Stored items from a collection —

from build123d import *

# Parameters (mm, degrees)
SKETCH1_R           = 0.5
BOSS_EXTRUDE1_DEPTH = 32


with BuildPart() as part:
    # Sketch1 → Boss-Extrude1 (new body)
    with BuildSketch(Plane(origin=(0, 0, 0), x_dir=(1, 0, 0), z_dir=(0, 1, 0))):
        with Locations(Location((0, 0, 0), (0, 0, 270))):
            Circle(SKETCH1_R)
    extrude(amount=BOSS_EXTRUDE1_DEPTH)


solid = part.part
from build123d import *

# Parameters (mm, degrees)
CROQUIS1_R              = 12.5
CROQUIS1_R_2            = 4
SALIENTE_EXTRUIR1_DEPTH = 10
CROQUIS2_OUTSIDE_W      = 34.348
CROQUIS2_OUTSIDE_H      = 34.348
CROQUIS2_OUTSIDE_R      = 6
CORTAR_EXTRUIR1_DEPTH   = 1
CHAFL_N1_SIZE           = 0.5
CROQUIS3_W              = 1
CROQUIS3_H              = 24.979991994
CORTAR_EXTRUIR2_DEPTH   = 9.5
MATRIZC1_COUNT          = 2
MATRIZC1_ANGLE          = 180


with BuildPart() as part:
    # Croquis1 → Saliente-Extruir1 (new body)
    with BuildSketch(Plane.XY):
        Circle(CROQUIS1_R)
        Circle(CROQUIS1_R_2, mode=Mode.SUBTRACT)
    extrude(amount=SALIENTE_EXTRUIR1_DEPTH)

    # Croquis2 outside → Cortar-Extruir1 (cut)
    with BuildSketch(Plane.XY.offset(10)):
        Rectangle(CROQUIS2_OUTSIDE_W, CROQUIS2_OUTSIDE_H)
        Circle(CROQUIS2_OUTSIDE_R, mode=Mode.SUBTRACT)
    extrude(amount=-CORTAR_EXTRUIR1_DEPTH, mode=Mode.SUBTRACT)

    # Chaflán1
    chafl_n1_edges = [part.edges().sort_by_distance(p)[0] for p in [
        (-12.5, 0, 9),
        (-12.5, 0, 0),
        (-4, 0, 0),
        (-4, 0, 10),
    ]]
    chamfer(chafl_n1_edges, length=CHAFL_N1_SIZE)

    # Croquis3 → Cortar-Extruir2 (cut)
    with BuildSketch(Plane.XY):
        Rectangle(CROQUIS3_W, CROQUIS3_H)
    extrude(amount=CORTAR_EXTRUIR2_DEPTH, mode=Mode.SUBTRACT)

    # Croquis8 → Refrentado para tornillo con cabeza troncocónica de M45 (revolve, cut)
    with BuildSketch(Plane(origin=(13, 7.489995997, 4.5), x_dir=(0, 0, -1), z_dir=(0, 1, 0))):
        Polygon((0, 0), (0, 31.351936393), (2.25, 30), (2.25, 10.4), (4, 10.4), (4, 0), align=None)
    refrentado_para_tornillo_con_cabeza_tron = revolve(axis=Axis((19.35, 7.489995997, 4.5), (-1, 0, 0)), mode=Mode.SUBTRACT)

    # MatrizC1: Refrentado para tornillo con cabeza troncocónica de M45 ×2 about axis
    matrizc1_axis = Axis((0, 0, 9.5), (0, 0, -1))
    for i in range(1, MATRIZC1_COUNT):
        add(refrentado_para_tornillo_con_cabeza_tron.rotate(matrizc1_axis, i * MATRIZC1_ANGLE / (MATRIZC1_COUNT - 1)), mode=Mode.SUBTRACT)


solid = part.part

Task directions —
Look through the entries, and return every line that the word "BuildSketch" appears in.

Exercise output —
    with BuildSketch(Plane(origin=(0, 0, 0), x_dir=(1, 0, 0), z_dir=(0, 1, 0))):
    with BuildSketch(Plane.XY):
    with BuildSketch(Plane.XY.offset(10)):
    with BuildSketch(Plane.XY):
    with BuildSketch(Plane(origin=(13, 7.489995997, 4.5), x_dir=(0, 0, -1), z_dir=(0, 1, 0))):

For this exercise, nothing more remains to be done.